環境マネジメントシステムの要求事項の一つに「緊急事態の管理」があります。
環境マネジメントシステムにおける「緊急事態」とは、
・地震や台風など災害に襲われ、環境影響が生じる可能性が高まる状態
・火災の発生や交通事故を引き起こしたり、巻き込まれることで、環境影響を生じる可能性が高まる状態
をいいます。
関係性を整理すると、
「緊急事態」を原因として「事故」が発生し、「事故の結果」として、大気汚染や油の流出による水質や土壌汚染といった環境への悪影響が生じるのです。
つまり、「緊急事態」や「事故」が実際に起きた時に生じる環境影響を最小限に抑える活動が「緊急事態への対応」なのです。
いわずもがなですが、組織が社会に対する環境責任を果たすために、
「どのような緊急事態や事故に対応することが必要か」
を決める経営判断が「手順を作り、模擬訓練を実施するなどの管理すべき緊急事態及び事故の特定」といえるでしょう。

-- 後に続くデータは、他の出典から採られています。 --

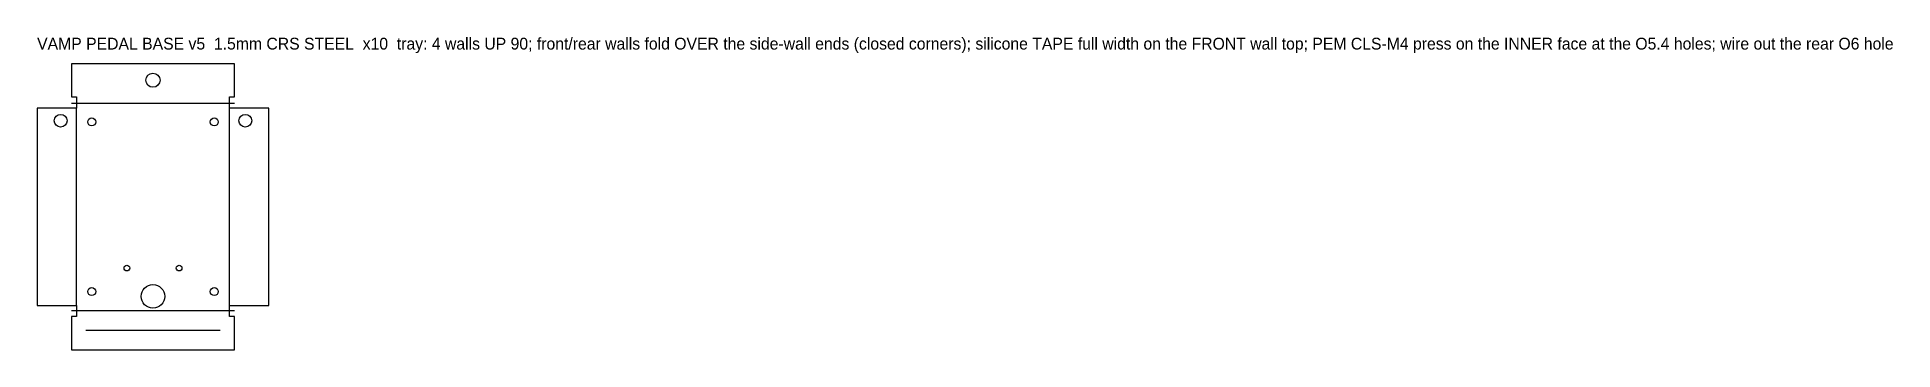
# Model space of a CAD drawing. Header units: millimetres. Extents: x -49 to 739, y -61 to 72.
import ezdxf

# ---------------------------------------------------------------- set-up
doc = ezdxf.new("R2010")
doc.units = ezdxf.units.MM
for name, color, linetype in [('BEND', 4, 'Continuous'), ('CUT', 7, 'Continuous'), ('ENGRAVE', 1, 'Continuous'), ('NOTE', 3, 'Continuous')]:
    doc.layers.add(name, color=color, linetype=linetype)

msp = doc.modelspace()

# ---------------------------------------------------------------- linework, layer by layer
at = {"layer": 'BEND'}
for points in [[(-34.55, 44), (34.55, 44)], [(-32.5, -41.85), (-32.5, 41.85)], [(32.5, -41.85), (32.5, 41.85)], [(-34.55, -44), (34.55, -44)]]:
    msp.add_lwpolyline(points, dxfattribs=at)
at = {"layer": 'CUT'}
msp.add_lwpolyline([(-32.5, -44), (-32.5, -46.6), (-34.55, -46.6), (-34.55, -60.7), (34.55, -60.7), (34.55, -46.6), (32.5, -46.6), (32.5, -44), (32.5, -41.85), (49.2, -41.85), (49.2, 41.85), (32.5, 41.85), (32.5, 44), (32.5, 46.6), (34.55, 46.6), (34.55, 60.7), (-34.55, 60.7), (-34.55, 46.6), (-32.5, 46.6), (-32.5, 44), (-32.5, 41.85), (-49.2, 41.85), (-49.2, -41.85), (-32.5, -41.85), (-32.5, -44)], close=True, dxfattribs=at)
for centre, radius in [((0, 53.7), 3), ((-39.2, 36.5), 2.7), ((-26, 36), 1.7), ((26, 36), 1.7), ((39.2, 36.5), 2.7), ((-11.1, -26), 1.2), ((11.1, -26), 1.2), ((-26, -36), 1.7), ((26, -36), 1.7)]:
    msp.add_circle(centre, radius, dxfattribs=at)
at = {"layer": 'ENGRAVE'}
msp.add_lwpolyline([(-28.5, -52.35), (28.5, -52.35)], dxfattribs=at)
msp.add_circle((0, -38), 5, dxfattribs=at)

# ---------------------------------------------------------------- texts
at = {"layer": 'NOTE'}
msp.add_text('VAMP PEDAL BASE v5  1.5mm CRS STEEL  x10  tray: 4 walls UP 90; front/rear walls fold OVER the side-wall ends (closed corners); silicone TAPE full width on the FRONT wall top; PEM CLS-M4 press on the INNER face at the O5.4 holes; wire out the rear O6 hole', height=5, dxfattribs=at).set_placement((-49.2, 66.7))

doc.saveas('drawing.dxf')
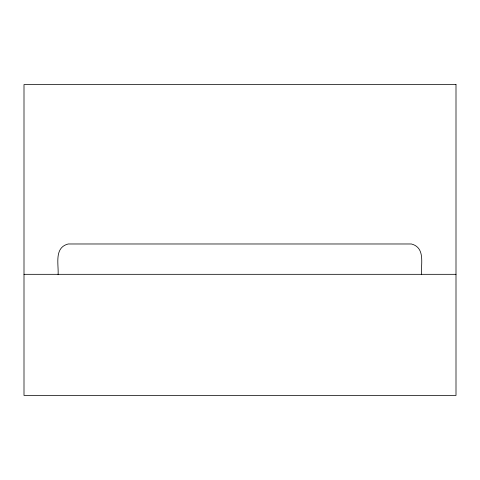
<?xml version="1.0" encoding="UTF-8"?>
<svg xmlns="http://www.w3.org/2000/svg" width="480" height="480" viewBox="0 0 480 480"><rect width="100%" height="100%" fill="white"/><g stroke="black" fill="none" stroke-linecap="round" stroke-linejoin="round"><path stroke-width="0.72" d="M24 274.32L456 274.32M421.47 274.686C420.864 263.952 425.58 247.614 411.378 243.978L68.196 243.978C53.994 247.614 58.716 263.952 58.104 274.686M456 84.558L24 84.558L24 395.442L456 395.442L456 84.558"/></g></svg>

なお、少々、脱線しますが、環境マネジメントシステムにおける「緊急事態の対象」は、「環境マネジメントシステムで対処すべき緊急事態に限られる」と考えられます。
ただ、微妙なのが、「一見、環境影響を伴わない緊急事態への対応」です。
よく事例として挙げられるのが「情報の流出の発生」です。
一般論ですが、「情報流出」があった場合、生じる影響としてすぐに思い浮かぶものは、
・個人情報の漏洩による被害
・企業の経営情報やノウハウ、製品開発情報といった機密情報の漏洩による被害
です。
私見ですが、「情報流出による影響」を上記のように捉えるだけなら、情報流出による環境影響がない(または不明)ので、「環境マネジメントにおける緊急事態」にはならないでしょう。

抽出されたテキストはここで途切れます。